Use Text Pre-processing to clean up text data:
- Convert words to their roots (in other words, lemmatize).
- Filter out unwanted digits, punctuation, and stop words.
The Text Pre-processing tool has 3 anchors.
- Green input anchor: Use the green input anchor on the top to connect the text data you want to process.
- Gray input anchor: Use the gray input anchor on the bottom to pass in a list of stop words from a list. We recommend using CSV format, but the list can be in any input format so long as the stop words are listed in a single column with 1 word per row.
- Output anchor: Use the output anchor to pass the data you've processed downstream.
Configure the Tool
Add a Text Pre-processing tool to the canvas.

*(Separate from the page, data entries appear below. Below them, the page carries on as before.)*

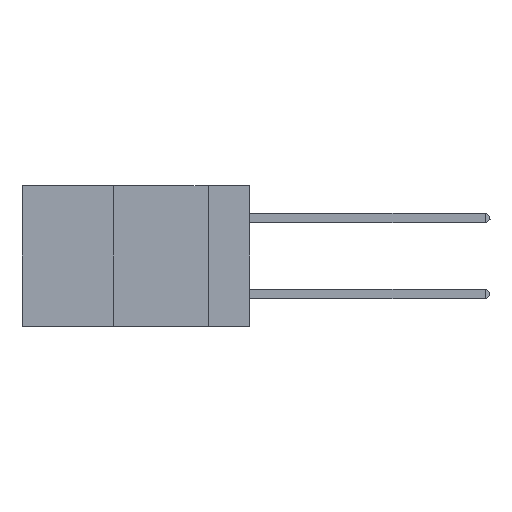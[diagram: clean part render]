
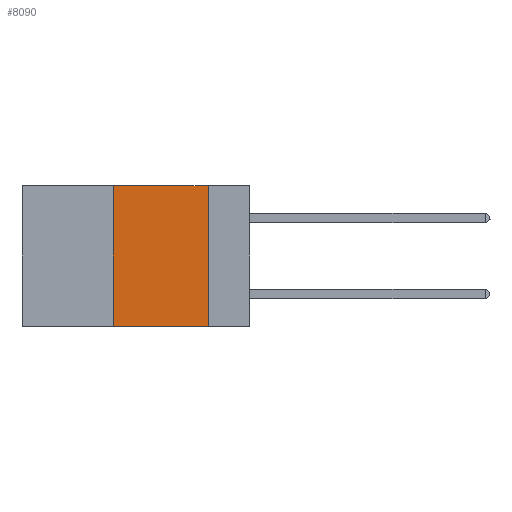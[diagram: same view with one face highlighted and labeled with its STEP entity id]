
A CAD part, left-side view. The second image highlights one B-rep face of the part: STEP entity #8090.
In plain terms, the highlighted planar face has unit normal (-1, 0, 0).
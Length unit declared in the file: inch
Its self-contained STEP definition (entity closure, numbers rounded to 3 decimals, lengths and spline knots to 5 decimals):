
#731 = VERTEX_POINT ( 'NONE', #8981 ) ;
#1128 = CARTESIAN_POINT ( 'NONE',  ( 0., 0.6, 0. ) ) ;
#1244 = FACE_OUTER_BOUND ( 'NONE', #7627, .T. ) ;
#1412 = LINE ( 'NONE', #14045, #12233 ) ;
#2462 = EDGE_CURVE ( 'NONE', #13234, #731, #1412, .T. ) ;
#3959 = DIRECTION ( 'NONE',  ( 0., 0., -1. ) ) ;
#4808 = EDGE_CURVE ( 'NONE', #13234, #7815, #8976, .T. ) ;
#5023 = LINE ( 'NONE', #1128, #15866 ) ;
#6061 = DIRECTION ( 'NONE',  ( 0., -1., 0. ) ) ;
#6132 = CARTESIAN_POINT ( 'NONE',  ( 0., 0.6, -0.37 ) ) ;
#6733 = CARTESIAN_POINT ( 'NONE',  ( 0., 0.11, -0.37 ) ) ;
#7627 = EDGE_LOOP ( 'NONE', ( #8793, #10063, #13923, #8714 ) ) ;
#7718 = EDGE_CURVE ( 'NONE', #8027, #7815, #14804, .T. ) ;
#7815 = VERTEX_POINT ( 'NONE', #6733 ) ;
#7899 = CARTESIAN_POINT ( 'NONE',  ( 0., 0.11, 0. ) ) ;
#8027 = VERTEX_POINT ( 'NONE', #7899 ) ;
#8090 = ADVANCED_FACE ( 'NONE', ( #1244 ), #10411, .F. ) ;
#8714 = ORIENTED_EDGE ( 'NONE', *, *, #4808, .T. ) ;
#8749 = VECTOR ( 'NONE', #12204, 39.37008 ) ;
#8793 = ORIENTED_EDGE ( 'NONE', *, *, #7718, .F. ) ;
#8976 = LINE ( 'NONE', #6132, #14055 ) ;
#8981 = CARTESIAN_POINT ( 'NONE',  ( 0., 0.36, 0. ) ) ;
#8989 = DIRECTION ( 'NONE',  ( 1., 0., 0. ) ) ;
#10063 = ORIENTED_EDGE ( 'NONE', *, *, #14597, .F. ) ;
#10239 = DIRECTION ( 'NONE',  ( 0., 0., 1. ) ) ;
#10411 = PLANE ( 'NONE',  #12596 ) ;
#11407 = DIRECTION ( 'NONE',  ( 0., -1., 0. ) ) ;
#11954 = CARTESIAN_POINT ( 'NONE',  ( 0., 0.11, 0. ) ) ;
#12204 = DIRECTION ( 'NONE',  ( 0., 0., -1. ) ) ;
#12233 = VECTOR ( 'NONE', #10239, 39.37008 ) ;
#12596 = AXIS2_PLACEMENT_3D ( 'NONE', #15551, #8989, #3959 ) ;
#12994 = CARTESIAN_POINT ( 'NONE',  ( 0., 0.36, -0.37 ) ) ;
#13234 = VERTEX_POINT ( 'NONE', #12994 ) ;
#13923 = ORIENTED_EDGE ( 'NONE', *, *, #2462, .F. ) ;
#14045 = CARTESIAN_POINT ( 'NONE',  ( 0., 0.36, 0. ) ) ;
#14055 = VECTOR ( 'NONE', #6061, 39.37008 ) ;
#14597 = EDGE_CURVE ( 'NONE', #731, #8027, #5023, .T. ) ;
#14804 = LINE ( 'NONE', #11954, #8749 ) ;
#15551 = CARTESIAN_POINT ( 'NONE',  ( 0., 0.6, 0. ) ) ;
#15866 = VECTOR ( 'NONE', #11407, 39.37008 ) ;

Use the anchor to connect the Text Pre-processing tool to the text data you want to use in the workflow.
Identify the Language of the data.
Select the Text Field you want to use.
Run the workflow.
The Text Pre-processing tool has some advanced options
To convert words to their roots, check the box for Convert to Word Root (Lemmatize).
This option transforms derivative words into their root words. For example, the words "running," "ran," and "runs" all become the word "run" after you lemmatize them. That way, when you apply a machine-learning algorithm to analyze the words, the machine is able to recognize that all those words should be grouped together.
To remove digits, check the box for Digits. This option removes certain digit tokens (in other words, numbers) from the data. You might want to select this option because numbers can confuse some Natural Language Processing algorithms. Some digit tokens—such as the period in "Mrs."—are kept because they are meaningful.
To remove punctuation, check the box for Punctuation. This option removes punctuation from the data. You might want to select this option because punctuation can confuse some NLP algorithms.
To remove stop words, check the box for Stop Words. Some stop words are removed by default. The Text Pre-processing tool uses the package spaCy as the default. spaCy has different lists of stop words for different languages. You can see the full list of stop words for each language in the spaCy GitHub repo:
You can also remove stop words that aren't removed by default. Enter the stop words you want to remove in the text field. Enter them in comma-separated format (in other words, separate each word with comma and a space, in that order).
In the results grid, the tool creates a new column in the data with the name of the column you processed plus the signifier "_processed."